I never thought of myself as having a problem in comparison
to how much I saw others drink—but the point of this is not comparison. While I
may not have had issues with drinking to excess, I personally struggled with the
reasons for why I was drinking to
begin with.
I drank to not feel pain.
I drank to fall asleep at night when my mind kept me awake.
I drank to ignore my depression—to lessen my anxiety about
writing, about life, about relationships.

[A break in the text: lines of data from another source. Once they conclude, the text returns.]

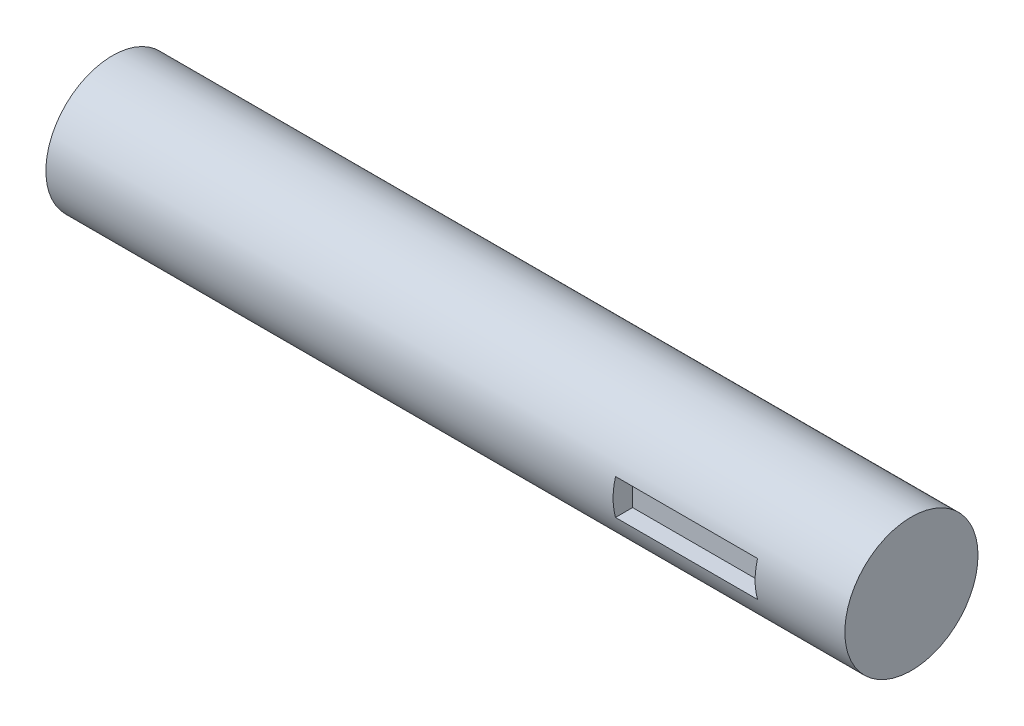
ISO-10303-21;
HEADER;
FILE_DESCRIPTION(('STEP AP214'),'2;1');
FILE_NAME('part.step','',(''),(''),'','','');
FILE_SCHEMA(('AUTOMOTIVE_DESIGN { 1 0 10303 214 1 1 1 1 }'));
ENDSEC;
DATA;
#1=APPLICATION_CONTEXT('core data for automotive mechanical design processes');
#2=APPLICATION_PROTOCOL_DEFINITION('international standard','automotive_design',2000,#1);
#3=PRODUCT_CONTEXT('',#1,'mechanical');
#4=PRODUCT('Part','Part','',(#3));
#5=PRODUCT_RELATED_PRODUCT_CATEGORY('part','',(#4));
#6=PRODUCT_DEFINITION_FORMATION('','',#4);
#7=PRODUCT_DEFINITION_CONTEXT('part definition',#1,'design');
#8=PRODUCT_DEFINITION('design','',#6,#7);
#9=PRODUCT_DEFINITION_SHAPE('','',#8);
#10=(LENGTH_UNIT() NAMED_UNIT(*) SI_UNIT(.MILLI.,.METRE.));
#11=(NAMED_UNIT(*) PLANE_ANGLE_UNIT() SI_UNIT($,.RADIAN.));
#12=(NAMED_UNIT(*) SI_UNIT($,.STERADIAN.) SOLID_ANGLE_UNIT());
#13=UNCERTAINTY_MEASURE_WITH_UNIT(LENGTH_MEASURE(1.E-05),#10,'distance_accuracy_value','');
#14=(GEOMETRIC_REPRESENTATION_CONTEXT(3) GLOBAL_UNCERTAINTY_ASSIGNED_CONTEXT((#13)) GLOBAL_UNIT_ASSIGNED_CONTEXT((#10,
#11,#12)) REPRESENTATION_CONTEXT('',''));
#15=CARTESIAN_POINT('',(0.,0.,0.));
#16=DIRECTION('',(0.,0.,1.));
#17=DIRECTION('',(1.,0.,0.));
#18=AXIS2_PLACEMENT_3D('',#15,#16,#17);
#19=CARTESIAN_POINT('',(0.,0.,0.));
#20=DIRECTION('',(-1.,0.,0.));
#21=DIRECTION('',(0.,0.,1.));
#22=AXIS2_PLACEMENT_3D('',#19,#20,#21);
#23=PLANE('',#22);
#24=CARTESIAN_POINT('',(0.,0.,0.));
#25=DIRECTION('',(1.,0.,0.));
#26=DIRECTION('',(0.,0.,-1.));
#27=AXIS2_PLACEMENT_3D('',#24,#25,#26);
#28=CIRCLE('',#27,15.);
#29=CARTESIAN_POINT('',(0.,0.,-15.));
#30=VERTEX_POINT('',#29);
#31=EDGE_CURVE('E106',#30,#30,#28,.T.);
#32=ORIENTED_EDGE('',*,*,#31,.F.);
#33=EDGE_LOOP('',(#32));
#34=FACE_BOUND('',#33,.T.);
#35=ADVANCED_FACE('F35',(#34),#23,.T.);
#36=CARTESIAN_POINT('',(0.,0.,0.));
#37=DIRECTION('',(1.,0.,0.));
#38=DIRECTION('',(0.,0.,-1.));
#39=AXIS2_PLACEMENT_3D('',#36,#37,#38);
#40=CYLINDRICAL_SURFACE('',#39,15.);
#41=CARTESIAN_POINT('',(159.78639181162,0.,0.));
#42=DIRECTION('',(1.,0.,0.));
#43=DIRECTION('',(0.,0.,-1.));
#44=AXIS2_PLACEMENT_3D('',#41,#42,#43);
#45=CIRCLE('',#44,15.);
#46=CARTESIAN_POINT('',(159.78639181162,-4.,14.456832294801));
#47=VERTEX_POINT('',#46);
#48=CARTESIAN_POINT('',(159.78639181162,4.,14.456832294801));
#49=VERTEX_POINT('',#48);
#50=EDGE_CURVE('E57',#47,#49,#45,.F.);
#51=ORIENTED_EDGE('',*,*,#50,.F.);
#52=DIRECTION('',(1.,0.,0.));
#53=VECTOR('',#52,1.);
#54=CARTESIAN_POINT('',(0.,-4.00000000000002,14.456832294801));
#55=LINE('',#54,#53);
#56=CARTESIAN_POINT('',(127.78639181162,-4.,14.456832294801));
#57=VERTEX_POINT('',#56);
#58=EDGE_CURVE('E11',#57,#47,#55,.T.);
#59=ORIENTED_EDGE('',*,*,#58,.F.);
#60=CARTESIAN_POINT('',(127.78639181162,0.,0.));
#61=DIRECTION('',(-1.,0.,0.));
#62=DIRECTION('',(0.,0.,1.));
#63=AXIS2_PLACEMENT_3D('',#60,#61,#62);
#64=CIRCLE('',#63,15.);
#65=CARTESIAN_POINT('',(127.78639181162,4.,14.456832294801));
#66=VERTEX_POINT('',#65);
#67=EDGE_CURVE('E109',#66,#57,#64,.F.);
#68=ORIENTED_EDGE('',*,*,#67,.F.);
#69=DIRECTION('',(1.,0.,0.));
#70=VECTOR('',#69,1.);
#71=CARTESIAN_POINT('',(0.,3.99999999999999,14.456832294801));
#72=LINE('',#71,#70);
#73=EDGE_CURVE('E42',#49,#66,#72,.F.);
#74=ORIENTED_EDGE('',*,*,#73,.F.);
#75=EDGE_LOOP('',(#51,#59,#68,#74));
#76=FACE_BOUND('',#75,.T.);
#77=ORIENTED_EDGE('',*,*,#31,.T.);
#78=EDGE_LOOP('',(#77));
#79=FACE_BOUND('',#78,.T.);
#80=CARTESIAN_POINT('',(180.,0.,0.));
#81=DIRECTION('',(1.,0.,0.));
#82=DIRECTION('',(0.,0.,-1.));
#83=AXIS2_PLACEMENT_3D('',#80,#81,#82);
#84=CIRCLE('',#83,15.);
#85=CARTESIAN_POINT('',(180.,0.,-15.));
#86=VERTEX_POINT('',#85);
#87=EDGE_CURVE('E100',#86,#86,#84,.T.);
#88=ORIENTED_EDGE('',*,*,#87,.F.);
#89=EDGE_LOOP('',(#88));
#90=FACE_BOUND('',#89,.T.);
#91=ADVANCED_FACE('F115',(#76,#79,#90),#40,.T.);
#92=CARTESIAN_POINT('',(180.,0.,0.));
#93=DIRECTION('',(1.,0.,0.));
#94=DIRECTION('',(0.,0.,-1.));
#95=AXIS2_PLACEMENT_3D('',#92,#93,#94);
#96=PLANE('',#95);
#97=ORIENTED_EDGE('',*,*,#87,.T.);
#98=EDGE_LOOP('',(#97));
#99=FACE_BOUND('',#98,.T.);
#100=ADVANCED_FACE('F118',(#99),#96,.T.);
#101=CARTESIAN_POINT('',(159.78639181162,4.,10.6));
#102=DIRECTION('',(0.,1.,0.));
#103=DIRECTION('',(-1.,0.,0.));
#104=AXIS2_PLACEMENT_3D('',#101,#102,#103);
#105=PLANE('',#104);
#106=ORIENTED_EDGE('',*,*,#73,.T.);
#107=DIRECTION('',(0.,0.,1.));
#108=VECTOR('',#107,1.);
#109=CARTESIAN_POINT('',(127.78639181162,4.,10.6));
#110=LINE('',#109,#108);
#111=CARTESIAN_POINT('',(127.78639181162,4.,10.6));
#112=VERTEX_POINT('',#111);
#113=EDGE_CURVE('E49',#112,#66,#110,.T.);
#114=ORIENTED_EDGE('',*,*,#113,.F.);
#115=DIRECTION('',(-1.,0.,0.));
#116=VECTOR('',#115,1.);
#117=CARTESIAN_POINT('',(159.78639181162,4.,10.6));
#118=LINE('',#117,#116);
#119=CARTESIAN_POINT('',(159.78639181162,4.,10.6));
#120=VERTEX_POINT('',#119);
#121=EDGE_CURVE('E76',#120,#112,#118,.T.);
#122=ORIENTED_EDGE('',*,*,#121,.F.);
#123=DIRECTION('',(0.,0.,1.));
#124=VECTOR('',#123,1.);
#125=CARTESIAN_POINT('',(159.78639181162,4.,10.6));
#126=LINE('',#125,#124);
#127=EDGE_CURVE('E98',#120,#49,#126,.T.);
#128=ORIENTED_EDGE('',*,*,#127,.T.);
#129=EDGE_LOOP('',(#106,#114,#122,#128));
#130=FACE_BOUND('',#129,.T.);
#131=ADVANCED_FACE('F74',(#130),#105,.F.);
#132=CARTESIAN_POINT('',(159.78639181162,-4.,10.6));
#133=DIRECTION('',(1.,0.,0.));
#134=DIRECTION('',(0.,0.,-1.));
#135=AXIS2_PLACEMENT_3D('',#132,#133,#134);
#136=PLANE('',#135);
#137=DIRECTION('',(0.,0.,1.));
#138=VECTOR('',#137,1.);
#139=CARTESIAN_POINT('',(159.78639181162,-4.,10.6));
#140=LINE('',#139,#138);
#141=CARTESIAN_POINT('',(159.78639181162,-4.,10.6));
#142=VERTEX_POINT('',#141);
#143=EDGE_CURVE('E101',#142,#47,#140,.T.);
#144=ORIENTED_EDGE('',*,*,#143,.T.);
#145=ORIENTED_EDGE('',*,*,#50,.T.);
#146=ORIENTED_EDGE('',*,*,#127,.F.);
#147=DIRECTION('',(0.,1.,0.));
#148=VECTOR('',#147,1.);
#149=CARTESIAN_POINT('',(159.78639181162,-4.,10.6));
#150=LINE('',#149,#148);
#151=EDGE_CURVE('E81',#142,#120,#150,.T.);
#152=ORIENTED_EDGE('',*,*,#151,.F.);
#153=EDGE_LOOP('',(#144,#145,#146,#152));
#154=FACE_BOUND('',#153,.T.);
#155=ADVANCED_FACE('F129',(#154),#136,.F.);
#156=CARTESIAN_POINT('',(159.78639181162,-4.,10.6));
#157=DIRECTION('',(0.,-1.,0.));
#158=DIRECTION('',(1.,0.,0.));
#159=AXIS2_PLACEMENT_3D('',#156,#157,#158);
#160=PLANE('',#159);
#161=ORIENTED_EDGE('',*,*,#58,.T.);
#162=ORIENTED_EDGE('',*,*,#143,.F.);
#163=DIRECTION('',(1.,0.,0.));
#164=VECTOR('',#163,1.);
#165=CARTESIAN_POINT('',(159.78639181162,-4.,10.6));
#166=LINE('',#165,#164);
#167=CARTESIAN_POINT('',(127.78639181162,-4.,10.6));
#168=VERTEX_POINT('',#167);
#169=EDGE_CURVE('E90',#168,#142,#166,.T.);
#170=ORIENTED_EDGE('',*,*,#169,.F.);
#171=DIRECTION('',(0.,0.,1.));
#172=VECTOR('',#171,1.);
#173=CARTESIAN_POINT('',(127.78639181162,-4.,10.6));
#174=LINE('',#173,#172);
#175=EDGE_CURVE('E80',#168,#57,#174,.T.);
#176=ORIENTED_EDGE('',*,*,#175,.T.);
#177=EDGE_LOOP('',(#161,#162,#170,#176));
#178=FACE_BOUND('',#177,.T.);
#179=ADVANCED_FACE('F114',(#178),#160,.F.);
#180=CARTESIAN_POINT('',(127.78639181162,4.,10.6));
#181=DIRECTION('',(-1.,0.,0.));
#182=DIRECTION('',(0.,0.,1.));
#183=AXIS2_PLACEMENT_3D('',#180,#181,#182);
#184=PLANE('',#183);
#185=ORIENTED_EDGE('',*,*,#67,.T.);
#186=ORIENTED_EDGE('',*,*,#175,.F.);
#187=DIRECTION('',(0.,-1.,0.));
#188=VECTOR('',#187,1.);
#189=CARTESIAN_POINT('',(127.78639181162,4.,10.6));
#190=LINE('',#189,#188);
#191=EDGE_CURVE('E84',#112,#168,#190,.T.);
#192=ORIENTED_EDGE('',*,*,#191,.F.);
#193=ORIENTED_EDGE('',*,*,#113,.T.);
#194=EDGE_LOOP('',(#185,#186,#192,#193));
#195=FACE_BOUND('',#194,.T.);
#196=ADVANCED_FACE('F85',(#195),#184,.F.);
#197=CARTESIAN_POINT('',(0.,0.,10.6));
#198=DIRECTION('',(0.,0.,1.));
#199=DIRECTION('',(1.,0.,0.));
#200=AXIS2_PLACEMENT_3D('',#197,#198,#199);
#201=PLANE('',#200);
#202=ORIENTED_EDGE('',*,*,#121,.T.);
#203=ORIENTED_EDGE('',*,*,#191,.T.);
#204=ORIENTED_EDGE('',*,*,#169,.T.);
#205=ORIENTED_EDGE('',*,*,#151,.T.);
#206=EDGE_LOOP('',(#202,#203,#204,#205));
#207=FACE_BOUND('',#206,.T.);
#208=ADVANCED_FACE('F92',(#207),#201,.T.);
#209=CLOSED_SHELL('',(#35,#91,#100,#131,#155,#179,#196,#208));
#210=MANIFOLD_SOLID_BREP('B2',#209);
#211=ADVANCED_BREP_SHAPE_REPRESENTATION('',(#18,#210),#14);
#212=SHAPE_DEFINITION_REPRESENTATION(#9,#211);
ENDSEC;
END-ISO-10303-21;

I was actually an RA at this time. And I was pretty good at
hiding my depression around my residents because I ignore whatever issues I was
dealing with in order to help them with their issues. And that only made things
worse for me. I was taking in a lot of emotions and not letting any of mine out
constructively. Except through drinking.
And of course I didn’t want anyone to think of it as an
actual issue, so I’d often sneak alcohol into my room—like my underage
residents would do. I was ashamed. I
didn’t want to admit to anyone that I was struggling with a hidden drinking
problem.
The issue only perpetuated further when I was teaching high
school English. I would read so many stories of students struggling with the
realities of their own lives, which made it more difficult for me to process my
own life. So I drank. Every night I would come home, decompress, drink, grade,
drink, and sleep.
I wasn’t happy. I wasn't healthy. I wasn't me.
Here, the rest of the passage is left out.